(PROBLEM TO SOLVE) The lines to reproduce from the material below are those from the one containing "#21=DIRECTION('',(0.,0.,1.));" through the one containing "#31=EDGE_CURVE('E10',#30,#30,#28,.T.);", both included; write them out exactly and add nothing.

(DATA RECORDS)
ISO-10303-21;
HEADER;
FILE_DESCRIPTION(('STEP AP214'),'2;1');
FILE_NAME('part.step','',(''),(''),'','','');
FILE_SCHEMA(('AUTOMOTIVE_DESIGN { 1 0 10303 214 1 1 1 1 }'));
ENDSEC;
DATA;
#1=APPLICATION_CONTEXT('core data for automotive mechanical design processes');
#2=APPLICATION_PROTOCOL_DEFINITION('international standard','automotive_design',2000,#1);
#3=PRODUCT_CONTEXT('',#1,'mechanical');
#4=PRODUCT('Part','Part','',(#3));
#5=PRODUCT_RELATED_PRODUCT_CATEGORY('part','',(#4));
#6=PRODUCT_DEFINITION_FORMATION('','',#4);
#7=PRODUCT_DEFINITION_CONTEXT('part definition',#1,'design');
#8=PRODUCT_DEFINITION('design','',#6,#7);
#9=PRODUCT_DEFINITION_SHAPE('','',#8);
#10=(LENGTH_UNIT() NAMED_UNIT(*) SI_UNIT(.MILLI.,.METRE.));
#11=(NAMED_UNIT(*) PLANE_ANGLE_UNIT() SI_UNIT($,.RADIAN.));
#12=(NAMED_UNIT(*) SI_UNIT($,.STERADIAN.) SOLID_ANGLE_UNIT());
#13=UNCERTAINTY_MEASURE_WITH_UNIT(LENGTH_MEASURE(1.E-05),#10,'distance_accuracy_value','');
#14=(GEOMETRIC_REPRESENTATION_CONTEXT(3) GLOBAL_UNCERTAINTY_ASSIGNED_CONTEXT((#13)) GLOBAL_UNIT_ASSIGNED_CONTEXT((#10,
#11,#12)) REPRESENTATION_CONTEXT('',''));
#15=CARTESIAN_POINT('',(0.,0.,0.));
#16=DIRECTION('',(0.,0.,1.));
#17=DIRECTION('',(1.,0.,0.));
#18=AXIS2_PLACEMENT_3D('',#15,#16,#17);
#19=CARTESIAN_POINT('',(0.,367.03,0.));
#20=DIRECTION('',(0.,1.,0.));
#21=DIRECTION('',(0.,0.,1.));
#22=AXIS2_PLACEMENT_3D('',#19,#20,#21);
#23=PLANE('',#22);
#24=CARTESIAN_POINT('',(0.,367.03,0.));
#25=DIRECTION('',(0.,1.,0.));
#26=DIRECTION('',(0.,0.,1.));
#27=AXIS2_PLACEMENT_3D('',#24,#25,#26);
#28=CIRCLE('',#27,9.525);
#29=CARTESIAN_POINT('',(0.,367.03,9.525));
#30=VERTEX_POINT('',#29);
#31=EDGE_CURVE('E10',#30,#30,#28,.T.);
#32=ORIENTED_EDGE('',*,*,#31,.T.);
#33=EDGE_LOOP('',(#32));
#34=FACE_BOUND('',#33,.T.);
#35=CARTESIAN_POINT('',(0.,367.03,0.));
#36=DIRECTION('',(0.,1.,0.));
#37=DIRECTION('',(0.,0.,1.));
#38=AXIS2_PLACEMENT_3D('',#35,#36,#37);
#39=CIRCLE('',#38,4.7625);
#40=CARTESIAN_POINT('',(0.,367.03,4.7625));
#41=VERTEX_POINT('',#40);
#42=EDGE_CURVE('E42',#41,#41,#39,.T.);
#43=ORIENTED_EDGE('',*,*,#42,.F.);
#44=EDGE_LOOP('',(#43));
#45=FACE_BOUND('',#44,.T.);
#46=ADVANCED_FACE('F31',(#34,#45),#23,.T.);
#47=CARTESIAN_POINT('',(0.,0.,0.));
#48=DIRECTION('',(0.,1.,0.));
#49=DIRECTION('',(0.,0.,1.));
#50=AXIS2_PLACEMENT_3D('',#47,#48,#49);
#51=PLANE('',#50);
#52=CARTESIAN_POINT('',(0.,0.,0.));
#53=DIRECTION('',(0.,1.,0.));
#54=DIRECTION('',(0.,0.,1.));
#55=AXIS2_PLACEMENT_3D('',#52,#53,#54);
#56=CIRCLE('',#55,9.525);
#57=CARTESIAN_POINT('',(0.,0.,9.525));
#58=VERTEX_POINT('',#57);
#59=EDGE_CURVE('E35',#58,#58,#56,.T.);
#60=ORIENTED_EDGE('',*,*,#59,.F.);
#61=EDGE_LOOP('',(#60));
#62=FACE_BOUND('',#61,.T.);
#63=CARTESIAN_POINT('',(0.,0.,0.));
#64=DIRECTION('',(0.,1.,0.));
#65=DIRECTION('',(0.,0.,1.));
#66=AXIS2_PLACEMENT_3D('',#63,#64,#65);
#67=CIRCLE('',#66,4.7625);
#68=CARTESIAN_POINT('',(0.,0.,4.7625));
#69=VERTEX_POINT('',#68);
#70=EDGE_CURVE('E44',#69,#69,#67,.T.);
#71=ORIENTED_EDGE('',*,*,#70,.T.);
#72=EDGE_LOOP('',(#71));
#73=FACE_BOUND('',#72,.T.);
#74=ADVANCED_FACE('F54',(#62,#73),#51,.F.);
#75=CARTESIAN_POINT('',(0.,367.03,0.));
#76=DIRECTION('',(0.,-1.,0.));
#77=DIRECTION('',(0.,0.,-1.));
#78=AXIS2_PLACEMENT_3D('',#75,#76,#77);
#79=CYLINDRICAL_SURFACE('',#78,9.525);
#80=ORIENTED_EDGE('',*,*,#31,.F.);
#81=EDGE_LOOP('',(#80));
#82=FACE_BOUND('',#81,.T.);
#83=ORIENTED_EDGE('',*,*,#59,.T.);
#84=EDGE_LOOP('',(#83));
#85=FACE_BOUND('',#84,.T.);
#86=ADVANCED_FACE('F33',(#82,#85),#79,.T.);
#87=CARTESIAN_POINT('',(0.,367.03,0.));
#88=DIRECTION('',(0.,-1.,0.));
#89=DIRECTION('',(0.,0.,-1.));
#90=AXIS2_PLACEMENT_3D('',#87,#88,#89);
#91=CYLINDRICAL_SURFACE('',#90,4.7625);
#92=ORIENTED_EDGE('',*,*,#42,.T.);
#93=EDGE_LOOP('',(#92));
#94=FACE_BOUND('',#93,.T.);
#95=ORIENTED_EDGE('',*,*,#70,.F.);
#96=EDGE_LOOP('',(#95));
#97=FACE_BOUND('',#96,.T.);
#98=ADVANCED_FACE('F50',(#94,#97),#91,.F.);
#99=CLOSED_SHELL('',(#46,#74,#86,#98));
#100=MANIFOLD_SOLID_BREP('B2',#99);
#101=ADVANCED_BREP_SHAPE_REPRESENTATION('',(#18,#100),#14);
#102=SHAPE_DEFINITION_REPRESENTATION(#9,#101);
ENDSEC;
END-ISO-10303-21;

(RESPONSE)
#21=DIRECTION('',(0.,0.,1.));
#22=AXIS2_PLACEMENT_3D('',#19,#20,#21);
#23=PLANE('',#22);
#24=CARTESIAN_POINT('',(0.,367.03,0.));
#25=DIRECTION('',(0.,1.,0.));
#26=DIRECTION('',(0.,0.,1.));
#27=AXIS2_PLACEMENT_3D('',#24,#25,#26);
#28=CIRCLE('',#27,9.525);
#29=CARTESIAN_POINT('',(0.,367.03,9.525));
#30=VERTEX_POINT('',#29);
#31=EDGE_CURVE('E10',#30,#30,#28,.T.);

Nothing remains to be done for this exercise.